**What to produce:**
Restrict the output to the lines below starting at the one that contains "P_primary : Inport" and ending at the one that contains "Bus Selector : BusSelector", and restate them word for word, both ends included.
[Start of section]
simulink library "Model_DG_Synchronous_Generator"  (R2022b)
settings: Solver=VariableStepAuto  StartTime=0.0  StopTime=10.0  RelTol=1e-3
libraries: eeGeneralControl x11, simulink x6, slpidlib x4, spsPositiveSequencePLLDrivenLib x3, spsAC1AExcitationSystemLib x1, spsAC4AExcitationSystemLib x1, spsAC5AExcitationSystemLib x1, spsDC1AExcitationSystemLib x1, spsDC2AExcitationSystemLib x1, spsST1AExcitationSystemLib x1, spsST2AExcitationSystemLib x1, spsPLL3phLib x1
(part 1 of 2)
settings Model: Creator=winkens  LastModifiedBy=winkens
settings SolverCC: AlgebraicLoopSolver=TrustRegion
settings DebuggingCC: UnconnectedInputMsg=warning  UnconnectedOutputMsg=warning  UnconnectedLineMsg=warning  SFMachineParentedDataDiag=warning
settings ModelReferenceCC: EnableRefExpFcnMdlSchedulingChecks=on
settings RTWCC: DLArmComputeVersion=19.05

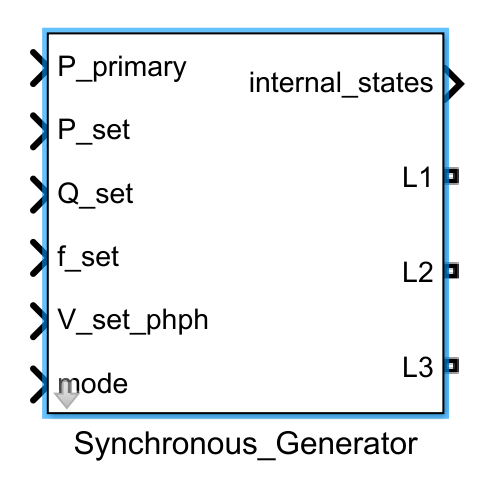
[thumbnail: Simulink's stored preview of the top-level diagram]
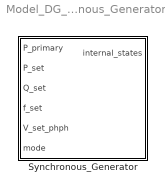
== system Model_DG_Synchronous_Generator ==
  Synchronous_Generator : Subsystem  mask{S_n=3.2e6, P_binst=2.0e6, V_n_phph=400, V_n_grid_phph=20e3, f_n=50, T_s_ctrl=1e-4, T_s_meas=1e-4, datatype='double', SG_Reactances=[ 3.19 0.33 0.159 1.79 0.155 0.05 ], SG_TimeConstants=[ 0.5 0.025 0.025 ], SG_StatorResistance=0.00074, SG_mech=[ 0.366 0.01 2 ], gov_type=IEEEG1 simplified, K_IEEEG1simp=10, T_IEEEG1simp=[ 0.2 0 0.1 0 ], dP_maxmin_IEEEG1simp=[ 2 -2 ], K_TGOV1=20, T_TGOV1=[ 0.2 0.6 2 ], kd_TGOV1=0.05, exciterModel=AC1A, QCtrl=Constant Voltage (no Q-Control), K_p_QCtrl=0.5, K_i_QCtrl=0.4, uq0ref=1.0, qmax=0.33, umax=1.04, deadband=0, p_pu=[0.1, 0.5, 0.6, 0.9, 1.0], q_pu=[0.0, 0.0, -0.05, -0.33, -0.33], p1=[0.94, 0.33], p2=[0.96, 0], p3=[1.04, 0], p4=[1.06, -0.33], cosphi_ref=1, ind_cap_Q=Inductive behavior (capacitive Q infeed), use_transformer=Grid coupling with transformer, RL_Trafo_GenSide=[ 0.002 0.08 ], RL_Trafo_GridSide=[ 0.002 0.08 ], Trafo_RmLm=[ 500 500 ]}
      mask prompts: S_n "Nominal Apparent Power [VA]"; P_binst "Installed Active Power [W]"; V_n_phph "Nominal Generator Voltage (rms, phase-to-phase) [V]"; V_n_grid_phph "Nominal Grid Voltage (rms, phase-to-phase) [V]"; f_n "Nominal Frequency [Hz]"; T_s_ctrl "Controller sample time [s]"; T_s_meas "Measurement sample time [s]"; datatype "Signal data type"; SG_Reactances "Reactances [ Xd Xd' Xd'' Xq Xq'' Xl ] (pu)"; SG_TimeConstants "Time constants [ Td' Td'' Tq'' ]  (s)"; SG_StatorResistance "Stator resistance (pu)"; SG_mech "Inertia, friction factor, pole pairs [ H(s) F(pu) p ]"; gov_type "Type"; K_IEEEG1simp "Droop Gain dP/df (pu)"; T_IEEEG1simp "Time Constants [ T1 T2 T3 T4 ] (s)"; dP_maxmin_IEEEG1simp "Max. rate of change of mech. power [ dP_max dP_min ] (pu)"; K_TGOV1 "Droop Gain dP/df (pu)"; T_TGOV1 "Time Constants [ T1 T2 T3 ] (s)"; kd_TGOV1 "Max. rate of change of mech. power [ dP_max dP_min ] (pu)"; exciterModel "Exciter Type"; QCtrl "Mode"; K_p_QCtrl "Q-Controller Proportional Gain"; K_i_QCtrl "Q-Controller Integral Gain"; uq0ref "U_Q0ref [pu]"; qmax "|Q_max| [pu]"; umax "U_max [pu]"; deadband "Voltage Deadband [+- %]"; p_pu "P_grid points [pu]"; q_pu "Q_grid points [pu]"; p1 "P1 [V_grid, Q_grid] [pu]"; p2 "P2 [V_grid, Q_grid] [pu]"; p3 "P3 [V_grid, Q_grid] [pu]"; p4 "P4 [V_grid, Q_grid] [pu]"; cosphi_ref "cos(phi)"; use_transformer "Transformer usage"; RL_Trafo_GenSide "SG-side winding impedance [ R L ] (pu):"; RL_Trafo_GridSide "Grid-side winding impedance [ R L ] (pu):"; Trafo_RmLm "Magnetization resistance and inductance [ Rm(pu) Lm(pu) ]"
      mask init:
      | alpha1 = (2*T_TGOV1(1)-T_s_ctrl) / (2*T_TGOV1(1)+T_s_ctrl);
      |     alpha2 = (2*T_TGOV1(2)-T_s_ctrl) / (2*T_TGOV1(2)+T_s_ctrl);
      |     alpha3 = (2*T_TGOV1(3)-T_s_ctrl) / (2*T_TGOV1(3)+T_s_ctrl);
      mask TypeOptions gov_type: IEEEG1 simplified | GAST (Generator Test Bench at Distribution Grid Laboratory) | TGOV1
      mask TypeOptions exciterModel: AC1A | AC4A | AC5A | DC1A | DC2A | ST1A | ST2A | AVR_Huette
      mask Callback exciterModel:
      | if strcmp(get_param(gcb,'exciterModel'),'AC1A')
      |     set_param([gcb '/SG_Control/Exciter'],'LabelModeActivechoice','AC1A');
      | 
      | elseif strcmp(get_param(gcb,'exciterModel'),'AC4A')
      |     set_param([gcb '/SG_Control/Exciter'],'LabelModeActivechoice','AC4A');
      | 
      | elseif strcmp(get_param(gcb,'exciterModel'),'AC5A')
      |     set_param([gcb '/SG_Control/Exciter'],'LabelModeActivechoice','AC5A');
      | 
      | elseif strcmp(get_param(gcb,'exciterModel'),'DC1A')
      |     set_param([gcb '/SG_Control/Exciter'],'LabelModeActivechoice','DC1A');
      | 
      | elseif strcmp(get_param(gcb,'exciterModel'),'DC2A')
      |     set_param([gcb '/SG_Control/Exciter'],'LabelModeActivechoice','DC2A');
      | 
      | elseif strcmp(get_param(gcb,'exciterModel'),'ST1A')
      |     set_param([gcb '/SG_Control/Exciter'],'LabelModeActivechoice','ST1A');
      | 
      | elseif strcmp(get_param(gcb,'exciterModel'),'ST2A')
      |     set_param([gcb '/SG_Control/Exciter'],'LabelModeActivechoice','ST2A');
      | 
      | elseif strcmp(get_param(gcb,'exciterModel'),'AVR_Huette')
      |     set_param([gcb '/SG_Control/Exciter'],'LabelModeActivechoice','AVR_Huette');
      | 
      | else
      |     set_param([gcb '/SG_Control/Exciter'],'LabelModeActivechoice','DC1A');
      | 
      | end
      mask TypeOptions QCtrl: Constant Voltage (no Q-Control) | Q(V)-Curve | Q(P)-Curve | Constant Q with Q(V)-Limitation | Constant cos(phi)
      mask Callback QCtrl:
      | msk = Simulink.Mask.get(gcb);
      | if strcmp(get_param(gcb,'QCtrl'),'Q(V)-Curve')
      |     %(a) Q(V)
      |     msk.getDialogControl('parambox_QV').Visible = 'on';
      |     msk.getDialogControl('parambox_QP').Visible = 'off';
      |     msk.getDialogControl('parambox_constQ').Visible = 'off';
      |     msk.getDialogControl('parambox_cosphi').Visible = 'off';
      | 
      | elseif strcmp(get_param(gcb,'QCtrl'),'Q(P)-Curve')
      |     %(b) Q(P)
      |     msk.getDialogControl('parambox_QV').Visible = 'off';
      |     msk.getDialogControl('parambox_QP').Visible = 'on';
      |     msk.getDialogControl('parambox_constQ').Visible = 'off';
      |     msk.getDialogControl('parambox_cosphi').Visible = 'off';
      | 
      | elseif strcmp(get_param(gcb,'QCtrl'),'Constant Q with Q(V)-Limitation')
      |     %(c) const Q
      |     msk.getDialogControl('parambox_QV').Visible = 'off';
      |     msk.getDialogControl('parambox_QP').Visible = 'off';
      |     msk.getDialogControl('parambox_constQ').Visible = 'on';
      |     msk.getDialogControl('parambox_cosphi').Visible = 'off';
      | 
      | elseif strcmp(get_param(gcb,'QCtrl'),'Constant cos(phi)')
      |     %(d) const cosphi
      |     msk.getDialogControl('parambox_QV').Visible = 'off';
      |     msk.getDialogControl('parambox_QP').Visible = 'off';
      |     msk.getDialogControl('parambox_constQ').Visible = 'off';
      |     msk.getDialogControl('parambox_cosphi').Visible = 'on';
      | 
      | elseif strcmp(get_param(gcb,'QCtrl'),'Constant Voltage (no Q-Control)')
      |     % no Q-Control
      |     msk.getDialogControl('parambox_QV').Visible = 'off';
      |     msk.getDialogControl('parambox_QP').Visible = 'off';
      |     msk.getDialogControl('parambox_constQ').Visible = 'off';
      |     msk.getDialogControl('parambox_cosphi').Visible = 'off';
      | 
      | end
      mask TypeOptions ind_cap_Q: Inductive behavior (capacitive Q infeed) | Capacitive behavior (inductive Q infeed)
      mask TypeOptions use_transformer: Direct grid coupling of SG (without transformer) | Grid coupling with transformer
      mask DialogControl DescGroupVar Prompt: Synchronous Generator
      mask DialogControl DescTextVar Prompt: Distributed generation unit using a synchronous generator for electromechanical energy conversion.
      mask DialogControl Container4 Prompt: General
      mask DialogControl Container24 Prompt: Sample Times and Data Types
      mask DialogControl Container5 Prompt: Synchr. Gen.
      mask DialogControl Control2 Prompt: All Synchronous Generator Parameters are defined in a per-unit-system based on the nominal apparent power, nominal generator voltage and nominal frequency defined in general-tab.
      mask DialogControl Container11 Prompt: Parameters
      mask DialogControl Container6 Prompt: Governor
      mask DialogControl Container13 Prompt: Parameters (Simplified IEEEG1-Governor-Turbine-Model)
      mask DialogControl Container13_copy Prompt: Parameters (TGOV1)
      mask DialogControl Container7 Prompt: Exciter
      mask DialogControl Container8 Prompt: Q-Control
      mask DialogControl Control3 Prompt: Reactive power control according to German MV grid codes VDE 4110. Choose constant voltage mode for no reactive power control in grid-forming units.
      mask DialogControl Container17 Prompt: Parameters
      mask DialogControl parambox_QV Prompt: Q(V) Parameters
      mask DialogControl parambox_QP Prompt: Q(P) Parameters
      mask DialogControl parambox_constQ Prompt: Constant Q with Q(V)-Limitation Parameters
      mask DialogControl parambox_cosphi Prompt: Constant cos(phi) Parameters
      mask DialogControl Container10 Prompt: Transformer
      mask DialogControl Control4 Prompt: Transformer parameters are defined in a per-unit-system based on the nominal power, the nominal frequency and the nominal voltages defined in tab General. The reference voltage for the impedance values depends on the respective nominal voltage level. However, magnetization resistance and inductance are based on the generator-side nominal voltage.
      mask DialogControl Container20 Prompt: Parameters

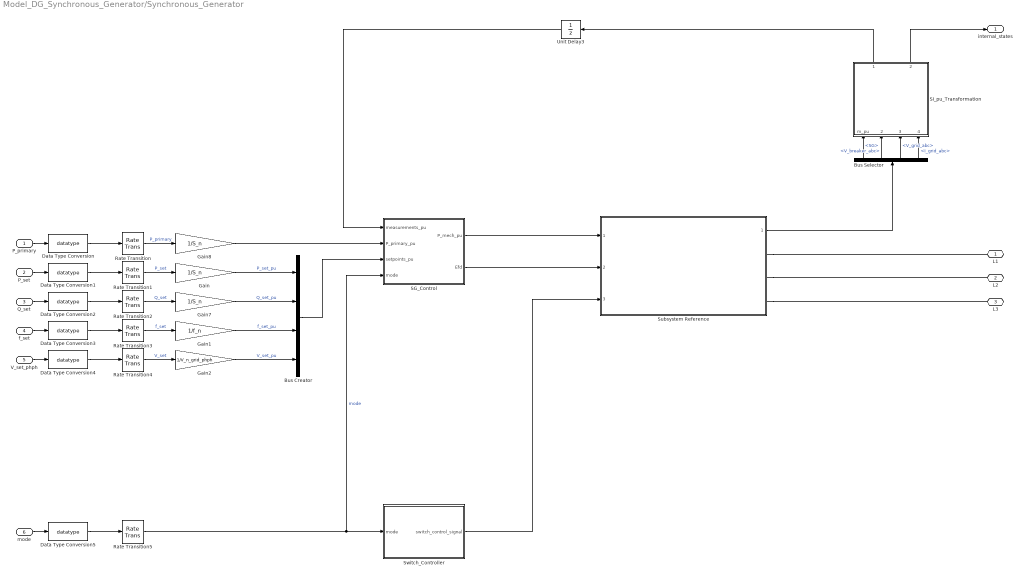
== system Model_DG_Synchronous_Generator/Synchronous_Generator ==
  P_primary : Inport
  P_set : Inport  Port=2
  Q_set : Inport  Port=3
  f_set : Inport  Port=4
  V_set_phph : Inport  Port=5
  mode : Inport  Port=6
  Bus Creator : BusCreator  Inputs=4
  Bus Selector : BusSelector  OutputSignals=SG,V_breaker_abc,V_grid_abc,I_grid_abc
  Data Type Conversion{,1..5} (6 alike) : DataTypeConversion  OutDataTypeStr=datatype  SaturateOnIntegerOverflow=off  RndMeth=Floor
  Gain : Gain  Gain=1/S_n
  Gain1 : Gain  Gain=1/f_n
  Gain2 : Gain  Gain=1/V_n_grid_phph
  Gain7 : Gain  Gain=1/S_n
  Gain8 : Gain  Gain=1/S_n
  Rate Transition{,1..5} (6 alike) : RateTransition  OutPortSampleTime=T_s_ctrl
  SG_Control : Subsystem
[End of section]
**Answer to this exercise:**
  P_primary : Inport
  P_set : Inport  Port=2
  Q_set : Inport  Port=3
  f_set : Inport  Port=4
  V_set_phph : Inport  Port=5
  mode : Inport  Port=6
  Bus Creator : BusCreator  Inputs=4
  Bus Selector : BusSelector  OutputSignals=SG,V_breaker_abc,V_grid_abc,I_grid_abc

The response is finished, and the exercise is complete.